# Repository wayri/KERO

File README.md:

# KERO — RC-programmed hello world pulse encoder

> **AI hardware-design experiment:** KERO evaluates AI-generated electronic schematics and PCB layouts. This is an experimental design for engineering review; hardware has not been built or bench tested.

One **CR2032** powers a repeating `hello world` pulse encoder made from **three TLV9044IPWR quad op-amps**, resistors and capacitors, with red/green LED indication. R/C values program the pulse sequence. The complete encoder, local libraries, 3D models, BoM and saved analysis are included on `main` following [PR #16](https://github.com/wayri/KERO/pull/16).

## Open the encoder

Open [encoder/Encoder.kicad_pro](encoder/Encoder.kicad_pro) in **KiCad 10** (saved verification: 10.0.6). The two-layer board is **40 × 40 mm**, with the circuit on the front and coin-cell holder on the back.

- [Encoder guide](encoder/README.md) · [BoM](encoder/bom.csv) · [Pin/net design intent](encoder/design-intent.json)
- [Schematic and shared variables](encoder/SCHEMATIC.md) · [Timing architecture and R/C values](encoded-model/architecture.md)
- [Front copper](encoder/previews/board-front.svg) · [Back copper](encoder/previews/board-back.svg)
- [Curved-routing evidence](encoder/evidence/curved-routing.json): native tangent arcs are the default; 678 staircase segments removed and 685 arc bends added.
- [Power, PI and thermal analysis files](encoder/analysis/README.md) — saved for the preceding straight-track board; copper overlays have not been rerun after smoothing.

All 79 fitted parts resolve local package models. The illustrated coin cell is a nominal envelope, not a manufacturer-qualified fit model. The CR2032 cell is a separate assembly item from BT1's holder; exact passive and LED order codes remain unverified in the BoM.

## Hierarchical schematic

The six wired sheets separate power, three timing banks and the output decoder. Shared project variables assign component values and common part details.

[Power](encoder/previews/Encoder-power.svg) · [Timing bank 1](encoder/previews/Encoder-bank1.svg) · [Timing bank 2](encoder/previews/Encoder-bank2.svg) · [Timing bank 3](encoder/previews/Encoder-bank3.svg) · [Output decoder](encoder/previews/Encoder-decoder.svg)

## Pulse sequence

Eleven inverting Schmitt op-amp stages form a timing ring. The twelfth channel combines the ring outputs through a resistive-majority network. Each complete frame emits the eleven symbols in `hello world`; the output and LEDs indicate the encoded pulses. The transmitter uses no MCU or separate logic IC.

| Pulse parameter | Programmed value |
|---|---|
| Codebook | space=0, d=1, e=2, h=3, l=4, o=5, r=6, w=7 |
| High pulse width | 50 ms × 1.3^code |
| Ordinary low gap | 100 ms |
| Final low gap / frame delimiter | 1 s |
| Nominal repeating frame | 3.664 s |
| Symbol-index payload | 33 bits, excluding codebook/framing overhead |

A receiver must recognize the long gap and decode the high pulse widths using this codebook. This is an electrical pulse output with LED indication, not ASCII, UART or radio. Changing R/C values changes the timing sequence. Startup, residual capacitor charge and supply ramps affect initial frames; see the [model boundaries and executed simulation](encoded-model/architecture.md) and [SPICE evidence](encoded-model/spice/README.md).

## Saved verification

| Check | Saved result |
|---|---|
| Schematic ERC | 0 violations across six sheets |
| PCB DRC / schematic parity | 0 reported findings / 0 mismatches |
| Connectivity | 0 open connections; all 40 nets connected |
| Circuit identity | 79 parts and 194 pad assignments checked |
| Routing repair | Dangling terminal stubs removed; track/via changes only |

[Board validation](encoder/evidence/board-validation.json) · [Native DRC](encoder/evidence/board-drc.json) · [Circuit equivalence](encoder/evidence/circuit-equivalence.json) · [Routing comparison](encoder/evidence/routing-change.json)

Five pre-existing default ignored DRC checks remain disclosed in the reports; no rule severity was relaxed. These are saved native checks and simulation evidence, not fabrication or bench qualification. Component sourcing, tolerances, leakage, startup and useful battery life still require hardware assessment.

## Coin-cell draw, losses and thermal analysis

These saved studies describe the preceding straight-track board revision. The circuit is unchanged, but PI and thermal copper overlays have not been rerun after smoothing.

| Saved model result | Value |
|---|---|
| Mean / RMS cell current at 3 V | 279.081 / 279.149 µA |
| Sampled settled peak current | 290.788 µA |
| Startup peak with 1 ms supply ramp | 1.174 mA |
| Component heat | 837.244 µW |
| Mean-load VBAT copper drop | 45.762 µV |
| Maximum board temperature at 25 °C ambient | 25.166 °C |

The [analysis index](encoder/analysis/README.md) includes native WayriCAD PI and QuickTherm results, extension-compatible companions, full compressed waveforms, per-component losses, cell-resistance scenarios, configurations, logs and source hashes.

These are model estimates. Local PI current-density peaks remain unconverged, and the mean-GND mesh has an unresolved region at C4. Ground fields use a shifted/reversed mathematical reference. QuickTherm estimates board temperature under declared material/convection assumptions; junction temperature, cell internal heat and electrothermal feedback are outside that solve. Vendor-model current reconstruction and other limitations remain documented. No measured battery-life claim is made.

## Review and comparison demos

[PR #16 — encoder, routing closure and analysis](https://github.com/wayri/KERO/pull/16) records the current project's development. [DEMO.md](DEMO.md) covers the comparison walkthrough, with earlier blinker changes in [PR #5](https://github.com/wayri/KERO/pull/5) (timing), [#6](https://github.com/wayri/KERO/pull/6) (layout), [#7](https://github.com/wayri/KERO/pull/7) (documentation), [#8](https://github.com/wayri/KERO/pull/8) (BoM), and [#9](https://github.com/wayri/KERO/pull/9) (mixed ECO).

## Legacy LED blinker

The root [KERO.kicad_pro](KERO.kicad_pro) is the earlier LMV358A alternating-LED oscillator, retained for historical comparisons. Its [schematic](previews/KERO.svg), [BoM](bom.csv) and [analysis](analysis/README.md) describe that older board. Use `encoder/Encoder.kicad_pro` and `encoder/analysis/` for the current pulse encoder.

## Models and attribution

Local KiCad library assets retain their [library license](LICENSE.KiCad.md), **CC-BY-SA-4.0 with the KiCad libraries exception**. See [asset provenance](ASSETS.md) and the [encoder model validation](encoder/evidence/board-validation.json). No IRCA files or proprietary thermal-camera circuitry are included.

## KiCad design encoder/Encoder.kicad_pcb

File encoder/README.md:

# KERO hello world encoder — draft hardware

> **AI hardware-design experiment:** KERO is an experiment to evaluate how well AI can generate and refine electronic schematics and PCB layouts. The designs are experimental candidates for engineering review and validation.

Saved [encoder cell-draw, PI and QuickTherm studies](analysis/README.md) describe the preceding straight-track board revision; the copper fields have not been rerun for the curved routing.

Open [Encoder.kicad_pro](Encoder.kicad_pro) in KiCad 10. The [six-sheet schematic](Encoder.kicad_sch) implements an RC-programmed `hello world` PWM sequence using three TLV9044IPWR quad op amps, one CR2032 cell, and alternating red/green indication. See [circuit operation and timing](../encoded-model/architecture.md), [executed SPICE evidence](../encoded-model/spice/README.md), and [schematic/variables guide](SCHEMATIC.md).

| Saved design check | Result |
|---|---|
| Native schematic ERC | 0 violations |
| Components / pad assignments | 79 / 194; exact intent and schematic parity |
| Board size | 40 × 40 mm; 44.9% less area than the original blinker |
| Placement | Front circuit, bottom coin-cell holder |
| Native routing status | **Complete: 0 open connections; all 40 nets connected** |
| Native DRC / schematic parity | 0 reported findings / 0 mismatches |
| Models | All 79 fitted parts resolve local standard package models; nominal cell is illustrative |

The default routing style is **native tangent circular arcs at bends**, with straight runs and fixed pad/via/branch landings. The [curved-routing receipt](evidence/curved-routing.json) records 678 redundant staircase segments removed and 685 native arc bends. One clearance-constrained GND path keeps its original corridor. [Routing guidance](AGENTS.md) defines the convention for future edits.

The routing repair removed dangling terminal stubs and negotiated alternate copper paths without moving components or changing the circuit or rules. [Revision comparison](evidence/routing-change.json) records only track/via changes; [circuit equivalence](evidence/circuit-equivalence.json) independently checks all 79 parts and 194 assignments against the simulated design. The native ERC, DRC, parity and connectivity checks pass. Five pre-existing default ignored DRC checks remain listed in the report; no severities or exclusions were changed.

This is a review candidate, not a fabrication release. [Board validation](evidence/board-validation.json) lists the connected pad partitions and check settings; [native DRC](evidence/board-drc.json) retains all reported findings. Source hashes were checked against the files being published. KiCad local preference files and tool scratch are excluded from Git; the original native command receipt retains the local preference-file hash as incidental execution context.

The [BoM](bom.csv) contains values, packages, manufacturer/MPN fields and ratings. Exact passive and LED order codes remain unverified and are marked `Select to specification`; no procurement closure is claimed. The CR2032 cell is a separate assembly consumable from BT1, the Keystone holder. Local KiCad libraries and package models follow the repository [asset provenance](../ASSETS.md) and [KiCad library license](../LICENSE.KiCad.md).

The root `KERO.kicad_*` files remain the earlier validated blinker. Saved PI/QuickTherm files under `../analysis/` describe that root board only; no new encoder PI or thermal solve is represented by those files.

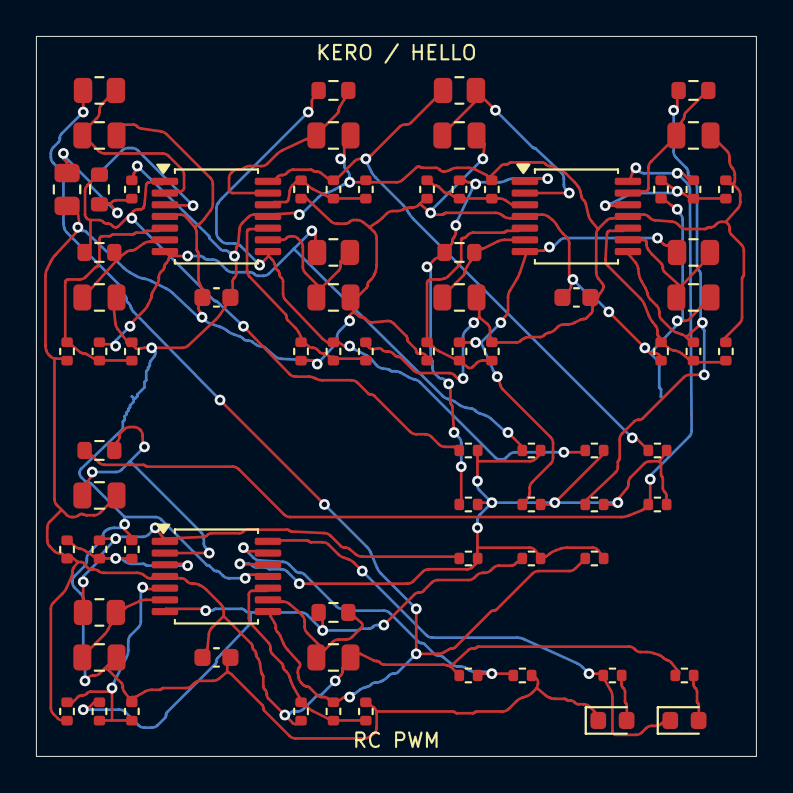
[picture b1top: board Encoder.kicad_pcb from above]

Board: 2 copper layers, 40.0 x 40.0 mm, 79 parts (1 on the bottom side), 40 nets.

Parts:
BT1: CR2032; BatteryHolder_Keystone_1058_1x2032
C1, C2, C3, C4, C5, C6, C7, C8, C9, C10, C11: 47n; C_0805_2012Metric
C12, C13, C14: 100n; C_0603_1608Metric
D1: RED; LED_0603_1608Metric
D2: GREEN; LED_0603_1608Metric
R1: 6.98M; R_0805_2012Metric
R2: 2.13M; R_0805_2012Metric
R3: 1.05M; R_0603_1608Metric
R4: 117k; R_0402_1005Metric
R5: 1.65M; R_0603_1608Metric
R6: 365k; R_0402_1005Metric
R7, R26: 208k; R_0402_1005Metric
R8: 412k; R_0402_1005Metric
R9: 3.52M; R_0805_2012Metric
R10: 182k; R_0402_1005Metric
R11: 332k; R_0402_1005Metric
R12: 665k; R_0402_1005Metric
R13: 1.47M; R_0603_1608Metric
R14: 427k; R_0402_1005Metric
R15: 213k; R_0402_1005Metric
R16: 340k; R_0402_1005Metric
R17, R37: 2.43M; R_0805_2012Metric
R18, R38: 240k; R_0402_1005Metric
R19, R39: 258k; R_0402_1005Metric
R20, R40: 511k; R_0402_1005Metric
R21, R29, R33: 2M; R_0603_1608Metric
R22, R27, R30, R34: 291k; R_0402_1005Metric
R23, R31, R35: 229k; R_0402_1005Metric
R24, R32, R36: 459k; R_0402_1005Metric
R25: 2.91M; R_0805_2012Metric
R28: 583k; R_0402_1005Metric
R41: 1.37M; R_0603_1608Metric
R42: 470k; R_0402_1005Metric
R43: 237k; R_0402_1005Metric
R44: 274k; R_0402_1005Metric
R45, R46, R47, R48, R49, R50, R51, R52, R53, R54, R55: 1M; R_0402_1005Metric
R56, R57: 100k; R_0402_1005Metric
R58, R59: 15k; R_0402_1005Metric
U1, U2, U3: TLV9044IPWR; TSSOP-14_4.4x5mm_P0.65mm

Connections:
/GND: BT1.2, C2.2, C4.2, C6.2, C8.2, C10.2, C12.2, C13.2, C14.2, D1.1, R4.2, R8.2, R12.2, R16.2, R20.2, R24.2, R28.2, R32.2, R36.2, R40.2, R44.2, R57.2, U1.11, U2.11, U3.11
/ST01_OUT: R3.2, R5.1, R45.1, U1.1
/ST02_OUT: R7.2, R9.1, R46.1, U1.7
/ST03_OUT: R11.2, R13.1, R47.1, U1.8
/ST04_OUT: R15.2, R17.1, R48.1, U1.14
/ST05_OUT: R19.2, R21.1, R49.1, U2.1
/ST06_OUT: R23.2, R25.1, R50.1, U2.7
/ST07_OUT: R27.2, R29.1, R51.1, U2.8
/ST08_OUT: R31.2, R33.1, R52.1, U2.14
/ST09_OUT: R35.2, R37.1, R53.1, U3.1
/ST10_OUT: R39.2, R41.1, R54.1, U3.7
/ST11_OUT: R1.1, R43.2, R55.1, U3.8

######

Work instructions — Everything above from the line with "A receiver must" to the line with "PCB DRC / schematic", both included, must be repeated exactly, and nothing outside that range.

Response box —
A receiver must recognize the long gap and decode the high pulse widths using this codebook. This is an electrical pulse output with LED indication, not ASCII, UART or radio. Changing R/C values changes the timing sequence. Startup, residual capacitor charge and supply ramps affect initial frames; see the [model boundaries and executed simulation](encoded-model/architecture.md) and [SPICE evidence](encoded-model/spice/README.md).

## Saved verification

| Check | Saved result |
|---|---|
| Schematic ERC | 0 violations across six sheets |
| PCB DRC / schematic parity | 0 reported findings / 0 mismatches |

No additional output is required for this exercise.